I’ll look for some other photos another time but I have managed to stumble upon some old photos that the BBC has here that I thought I’d mention to you. They’re not great quality but worth a look anyways!

Who was that lady I wonder? And was it referred to as Hoylake Lido?

  1. Peter Wilson Says:

    As a kid in the ’60s and ’70s I spent much of my summer at the Hoylake Baths. Lots of kids were given ‘contracts’ (season tickets) which cost only a few quid and that was the main summer entertainment. Regulars of the south facing ‘back wall’ developed fantastic tans and the ‘killer’ slide and diving stack there were realy scary. The ‘curly’ slide and the small kids’ slide were less daunting. The baths opened in mid May and closed in mid September. The temperature was displayed on the front gate - perhaps as low as 52 F in the early season but it could get up to 84F in a heat wave. It was the most wonderful pool of filtered seawater and huge at 70×50 yards. As a vyoung boy the Holake Amateur Swimming Club met there and hot ribena and oxo were served on the roof terrace to warm us up after swimming.

    In a hot summer there would be long queues at the weekends - people literally poured off the trains from B’head and Liverpool - but the Hoylake Urban District Council neglected it badly but at least kept it open. When Hoylake was subsumed into the new Wirral MBC in 1974 it was only a matter of time until they found an excuse for closing it. The 1976 storms which did some minor damage were cited as the reason for the council closing the pool. However, an extraordinairy community protest with demos and angry public meetings in the YMCA public hall led to the council grudgingly agreeing to let local residents take control. The Hoylake Outdoor Pool Trust was set up and local residents voluneered to get the pool painted and open for the ‘76 season. It was a triumph anmd there was a wonderful community spirit. People were fighting for their town and a way of life. I was only 16 but spent every free moment labouring and painting the pool and in the summer I worked as a pool attendant and in the ice cream kiosk by the Hoyle slipway.

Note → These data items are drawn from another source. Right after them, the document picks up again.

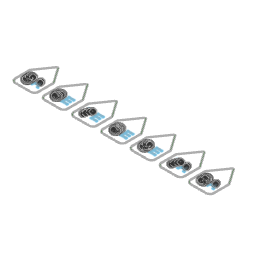
6-9 (Autodesk Fusion 360 design; units mm, degrees)
Autodesk Fusion 360 part; units mm, degrees
(part 1 of 2)
sketch "Sketch1" plane through (0, 0, 1) normal (0, 0, 1) x (-1, 0, 0)
  arc A0 (14.0709, -45.9158) -> (17.3475, -45.9158) centre (15.7092, -44.7687) ccw
  line L0 (17.3475, -45.9158) -> (31.3664, -25.8947)
  arc A1 (31.3664, -25.8947) -> (31.7281, -24.7475) centre (29.7281, -24.7475) ccw
  line L1 (31.7281, -24.7475) -> (31.7281, -6.3281)
  arc A2 (31.7281, -6.3281) -> (25.4, 0) centre (25.4, -6.3281) ccw
  line L2 (25.4, 0) -> (6.0183, 0)
  arc A3 (6.0183, 0) -> (0, -4.3724) centre (6.0183, -6.3281) ccw
  line L3 (0, -4.3724) -> (0, -25.19)
  arc A4 (0, -25.19) -> (0.3617, -26.3371) centre (2, -25.19) ccw
  line L4 (0.3617, -26.3371) -> (14.0709, -45.9158)
  arc A5 (-24.0291, -45.9158) -> (-20.7525, -45.9158) centre (-22.3908, -44.7687) ccw
  line L5 (-20.7525, -45.9158) -> (-6.7336, -25.8947)
  arc A6 (-6.7336, -25.8947) -> (-6.3719, -24.7475) centre (-8.3719, -24.7475) ccw
  line L6 (-6.3719, -24.7475) -> (-6.3719, -6.3281)
  arc A7 (-6.3719, -6.3281) -> (-12.7, 0) centre (-12.7, -6.3281) ccw
  line L7 (-12.7, 0) -> (-32.0817, 0)
  arc A8 (-32.0817, 0) -> (-38.1, -4.3724) centre (-32.0817, -6.3281) ccw
  line L8 (-38.1, -4.3724) -> (-38.1, -25.19)
  arc A9 (-38.1, -25.19) -> (-37.7383, -26.3371) centre (-36.1, -25.19) ccw
  line L9 (-37.7383, -26.3371) -> (-24.0291, -45.9158)
  arc A10 (-62.1291, -45.9158) -> (-58.8525, -45.9158) centre (-60.4908, -44.7687) ccw
  line L10 (-58.8525, -45.9158) -> (-44.8336, -25.8947)
  arc A11 (-44.8336, -25.8947) -> (-44.4719, -24.7475) centre (-46.4719, -24.7475) ccw
  line L11 (-44.4719, -24.7475) -> (-44.4719, -6.3281)
  arc A12 (-44.4719, -6.3281) -> (-50.8, 0) centre (-50.8, -6.3281) ccw
  line L12 (-50.8, 0) -> (-70.1817, 0)
  arc A13 (-70.1817, 0) -> (-76.2, -4.3724) centre (-70.1817, -6.3281) ccw
  line L13 (-76.2, -4.3724) -> (-76.2, -25.19)
  arc A14 (-76.2, -25.19) -> (-75.8383, -26.3371) centre (-74.2, -25.19) ccw
  line L14 (-75.8383, -26.3371) -> (-62.1291, -45.9158)
  arc A15 (-100.2291, -45.9158) -> (-96.9525, -45.9158) centre (-98.5908, -44.7687) ccw
  line L15 (-96.9525, -45.9158) -> (-82.9336, -25.8947)
  arc A16 (-82.9336, -25.8947) -> (-82.5719, -24.7475) centre (-84.5719, -24.7475) ccw
  line L16 (-82.5719, -24.7475) -> (-82.5719, -6.3281)
  arc A17 (-82.5719, -6.3281) -> (-88.9, 0) centre (-88.9, -6.3281) ccw
  line L17 (-88.9, 0) -> (-108.2817, 0)
  arc A18 (-108.2817, 0) -> (-114.3, -4.3724) centre (-108.2817, -6.3281) ccw
  line L18 (-114.3, -4.3724) -> (-114.3, -25.19)
  arc A19 (-114.3, -25.19) -> (-113.9383, -26.3371) centre (-112.3, -25.19) ccw
  line L19 (-113.9383, -26.3371) -> (-100.2291, -45.9158)
  arc A20 (-138.3291, -45.9158) -> (-135.0525, -45.9158) centre (-136.6908, -44.7687) ccw
  line L20 (-135.0525, -45.9158) -> (-121.0336, -25.8947)
  arc A21 (-121.0336, -25.8947) -> (-120.6719, -24.7475) centre (-122.6719, -24.7475) ccw
  line L21 (-120.6719, -24.7475) -> (-120.6719, -6.3281)
  arc A22 (-120.6719, -6.3281) -> (-127, 0) centre (-127, -6.3281) ccw
  line L22 (-127, 0) -> (-146.3817, 0)
  arc A23 (-146.3817, 0) -> (-152.4, -4.3724) centre (-146.3817, -6.3281) ccw
  line L23 (-152.4, -4.3724) -> (-152.4, -25.19)
  arc A24 (-152.4, -25.19) -> (-152.0383, -26.3371) centre (-150.4, -25.19) ccw
  line L24 (-152.0383, -26.3371) -> (-138.3291, -45.9158)
  arc A25 (-176.4291, -45.9158) -> (-173.1525, -45.9158) centre (-174.7908, -44.7687) ccw
  line L25 (-173.1525, -45.9158) -> (-159.1336, -25.8947)
  arc A26 (-159.1336, -25.8947) -> (-158.7719, -24.7475) centre (-160.7719, -24.7475) ccw
  line L26 (-158.7719, -24.7475) -> (-158.7719, -6.3281)
  arc A27 (-158.7719, -6.3281) -> (-165.1, 0) centre (-165.1, -6.3281) ccw
  line L27 (-165.1, 0) -> (-184.4817, 0)
  arc A28 (-184.4817, 0) -> (-190.5, -4.3724) centre (-184.4817, -6.3281) ccw
  line L28 (-190.5, -4.3724) -> (-190.5, -25.19)
  arc A29 (-190.5, -25.19) -> (-190.1383, -26.3371) centre (-188.5, -25.19) ccw
  line L29 (-190.1383, -26.3371) -> (-176.4291, -45.9158)
  arc A30 (-214.5291, -45.9158) -> (-211.2525, -45.9158) centre (-212.8908, -44.7687) ccw
  line L30 (-211.2525, -45.9158) -> (-197.2336, -25.8947)
  arc A31 (-197.2336, -25.8947) -> (-196.8719, -24.7475) centre (-198.8719, -24.7475) ccw
  line L31 (-196.8719, -24.7475) -> (-196.8719, -6.3281)
  arc A32 (-196.8719, -6.3281) -> (-203.2, 0) centre (-203.2, -6.3281) ccw
  line L32 (-203.2, 0) -> (-222.5817, 0)
  arc A33 (-222.5817, 0) -> (-228.6, -4.3724) centre (-222.5817, -6.3281) ccw
  line L33 (-228.6, -4.3724) -> (-228.6, -25.19)
  arc A34 (-228.6, -25.19) -> (-228.2383, -26.3371) centre (-226.6, -25.19) ccw
  line L34 (-228.2383, -26.3371) -> (-214.5291, -45.9158)
  line L35 (16.1187, -45.0555) -> (30.1377, -25.0343)
  arc A35 (30.1377, -25.0343) -> (30.2281, -24.7475) centre (29.7281, -24.7475) ccw
  line L36 (30.2281, -24.7475) -> (30.2281, -6.3281)
  arc A36 (30.2281, -6.3281) -> (25.4, -1.5) centre (25.4, -6.3281) ccw
  line L37 (25.4, -1.5) -> (6.0183, -1.5)
  arc A37 (6.0183, -1.5) -> (1.5, -4.6265) centre (6.0183, -6.3281) ccw
  line L38 (1.5, -4.6265) -> (1.5, -25.19)
  arc A38 (1.5, -25.19) -> (1.5904, -25.4768) centre (2, -25.19) ccw
  line L39 (1.5904, -25.4768) -> (15.2996, -45.0555)
  arc A39 (15.2996, -45.0555) -> (16.1187, -45.0555) centre (15.7092, -44.7687) ccw
  line L40 (-21.9813, -45.0555) -> (-7.9623, -25.0343)
  arc A40 (-7.9623, -25.0343) -> (-7.8719, -24.7475) centre (-8.3719, -24.7475) ccw
  line L41 (-7.8719, -24.7475) -> (-7.8719, -6.3281)
  arc A41 (-7.8719, -6.3281) -> (-12.7, -1.5) centre (-12.7, -6.3281) ccw
  line L42 (-12.7, -1.5) -> (-32.0817, -1.5)
  arc A42 (-32.0817, -1.5) -> (-36.6, -4.6265) centre (-32.0817, -6.3281) ccw
  line L43 (-36.6, -4.6265) -> (-36.6, -25.19)
  arc A43 (-36.6, -25.19) -> (-36.5096, -25.4768) centre (-36.1, -25.19) ccw
  line L44 (-36.5096, -25.4768) -> (-22.8004, -45.0555)
  arc A44 (-22.8004, -45.0555) -> (-21.9813, -45.0555) centre (-22.3908, -44.7687) ccw
  line L45 (-60.0813, -45.0555) -> (-46.0623, -25.0343)
  arc A45 (-46.0623, -25.0343) -> (-45.9719, -24.7475) centre (-46.4719, -24.7475) ccw
  line L46 (-45.9719, -24.7475) -> (-45.9719, -6.3281)
  arc A46 (-45.9719, -6.3281) -> (-50.8, -1.5) centre (-50.8, -6.3281) ccw
  line L47 (-50.8, -1.5) -> (-70.1817, -1.5)
  arc A47 (-70.1817, -1.5) -> (-74.7, -4.6265) centre (-70.1817, -6.3281) ccw
  line L48 (-74.7, -4.6265) -> (-74.7, -25.19)
  arc A48 (-74.7, -25.19) -> (-74.6096, -25.4768) centre (-74.2, -25.19) ccw
  line L49 (-74.6096, -25.4768) -> (-60.9004, -45.0555)
  arc A49 (-60.9004, -45.0555) -> (-60.0813, -45.0555) centre (-60.4908, -44.7687) ccw
  line L50 (-98.1813, -45.0555) -> (-84.1623, -25.0343)
  arc A50 (-84.1623, -25.0343) -> (-84.0719, -24.7475) centre (-84.5719, -24.7475) ccw
  line L51 (-84.0719, -24.7475) -> (-84.0719, -6.3281)
  arc A51 (-84.0719, -6.3281) -> (-88.9, -1.5) centre (-88.9, -6.3281) ccw
  line L52 (-88.9, -1.5) -> (-108.2817, -1.5)
  arc A52 (-108.2817, -1.5) -> (-112.8, -4.6265) centre (-108.2817, -6.3281) ccw
  line L53 (-112.8, -4.6265) -> (-112.8, -25.19)
  arc A53 (-112.8, -25.19) -> (-112.7096, -25.4768) centre (-112.3, -25.19) ccw
  line L54 (-112.7096, -25.4768) -> (-99.0004, -45.0555)
  arc A54 (-99.0004, -45.0555) -> (-98.1813, -45.0555) centre (-98.5908, -44.7687) ccw
  line L55 (-136.2813, -45.0555) -> (-122.2623, -25.0343)
  arc A55 (-122.2623, -25.0343) -> (-122.1719, -24.7475) centre (-122.6719, -24.7475) ccw
  line L56 (-122.1719, -24.7475) -> (-122.1719, -6.3281)
  arc A56 (-122.1719, -6.3281) -> (-127, -1.5) centre (-127, -6.3281) ccw
  line L57 (-127, -1.5) -> (-146.3817, -1.5)
  arc A57 (-146.3817, -1.5) -> (-150.9, -4.6265) centre (-146.3817, -6.3281) ccw
  line L58 (-150.9, -4.6265) -> (-150.9, -25.19)
  arc A58 (-150.9, -25.19) -> (-150.8096, -25.4768) centre (-150.4, -25.19) ccw
  line L59 (-150.8096, -25.4768) -> (-137.1004, -45.0555)
  arc A59 (-137.1004, -45.0555) -> (-136.2813, -45.0555) centre (-136.6908, -44.7687) ccw
  line L60 (-160.2719, -24.7475) -> (-160.2719, -6.3281)
  arc A60 (-160.2719, -6.3281) -> (-165.1, -1.5) centre (-165.1, -6.3281) ccw
  line L61 (-165.1, -1.5) -> (-184.4817, -1.5)
  arc A61 (-184.4817, -1.5) -> (-189, -4.6265) centre (-184.4817, -6.3281) ccw
  line L62 (-189, -4.6265) -> (-189, -25.19)
  arc A62 (-189, -25.19) -> (-188.9096, -25.4768) centre (-188.5, -25.19) ccw
  line L63 (-188.9096, -25.4768) -> (-175.2004, -45.0555)
  arc A63 (-175.2004, -45.0555) -> (-174.3813, -45.0555) centre (-174.7908, -44.7687) ccw
  line L64 (-174.3813, -45.0555) -> (-160.3623, -25.0343)
  arc A64 (-160.3623, -25.0343) -> (-160.2719, -24.7475) centre (-160.7719, -24.7475) ccw
  line L65 (-212.4813, -45.0555) -> (-198.4623, -25.0343)
  arc A65 (-198.4623, -25.0343) -> (-198.3719, -24.7475) centre (-198.8719, -24.7475) ccw
  line L66 (-198.3719, -24.7475) -> (-198.3719, -6.3281)
  arc A66 (-198.3719, -6.3281) -> (-203.2, -1.5) centre (-203.2, -6.3281) ccw
  line L67 (-203.2, -1.5) -> (-222.5817, -1.5)
  arc A67 (-222.5817, -1.5) -> (-227.1, -4.6265) centre (-222.5817, -6.3281) ccw
  line L68 (-227.1, -4.6265) -> (-227.1, -25.19)
  arc A68 (-227.1, -25.19) -> (-227.0096, -25.4768) centre (-226.6, -25.19) ccw
  line L69 (-227.0096, -25.4768) -> (-213.3004, -45.0555)
  arc A69 (-213.3004, -45.0555) -> (-212.4813, -45.0555) centre (-212.8908, -44.7687) ccw
  line L70 (-7.9796, -5.9789) -> (-36.2077, -5.9789) construction
  line L71 (-36.2077, -5.9789) -> (-36.2077, -24.6143) construction
  line L72 (-36.2077, -24.6143) -> (-7.9796, -24.6143) construction
  line L73 (-7.9796, -24.6143) -> (-7.9796, -5.9789) construction
  line L74 (-46.2203, -6.1121) -> (-74.4484, -6.1121) construction
  line L75 (-74.4484, -6.1121) -> (-74.4484, -24.7475) construction
  line L76 (-74.4484, -24.7475) -> (-46.2203, -24.7475) construction
  line L77 (-46.2203, -24.7475) -> (-46.2203, -6.1121) construction
  line L78 (-84.8121, -6.1121) -> (-113.0403, -6.1121) construction
  line L79 (-113.0403, -6.1121) -> (-113.0403, -24.7475) construction
  line L80 (-113.0403, -24.7475) -> (-84.8121, -24.7475) construction
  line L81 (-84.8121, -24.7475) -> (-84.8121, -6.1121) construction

    The Trust went on to take over another abandoned asset, the Hoylake Parish Hasll in Grove Place, and through the Job Creation Schemes run at the time to massage the unemployment figures the resources were found to undertakle a full renvation of the pool and the hall. The Miss Merseyside competition was held there every summer and iot was popular for synchronised swimming. Sadly a run of bad summers and the end of various funding streams contributed to the renamed Hoylake Pool & Community Trust hit the buffers in the mid ’80s. The rest is history. It was the last nail in the coffin of Hoylake as a small seaside resort town. Only a few years before the council hired deck chairs on the prom and there were Punch & Judy shows and the prom would be crammed on a hot summer’s weekend. The Wirral Council’s neglect extended to the Meols Prade Gardens which had been beautifully kept and Queen’s Park which are in a disgraceful state to this day.

    Let’s hope that the plans to smarten up the promenade come to fruition.

    To answer your question, the baths were never known as the lido but were eferred to as Hoylake Outdoor Pool during the Trust’s period of control. However, now that so few are left nationally there has been renewed interest in the lidos around the country most of which like Hoylake date back to the ’20s and ’30s. Some have been restored and even a few new ones built.

    One thing is for sure the demise of Holake Baths marked the end of an era in Hoylake, outdoor swimming is a way of life not just a form of exercise.

  2. admin Says:

    Hi Peter - thanks for a great comment!

    You’ve reminded me that my mates called the big slide the ‘killer’ - I’d completely forgotten that. Wouldn’t suit me at all as I’m a dreadful swimmer!

    I might be getting my hands on some more info about the baths in a week or three - hopefully I’ll get some photos to scan and publish.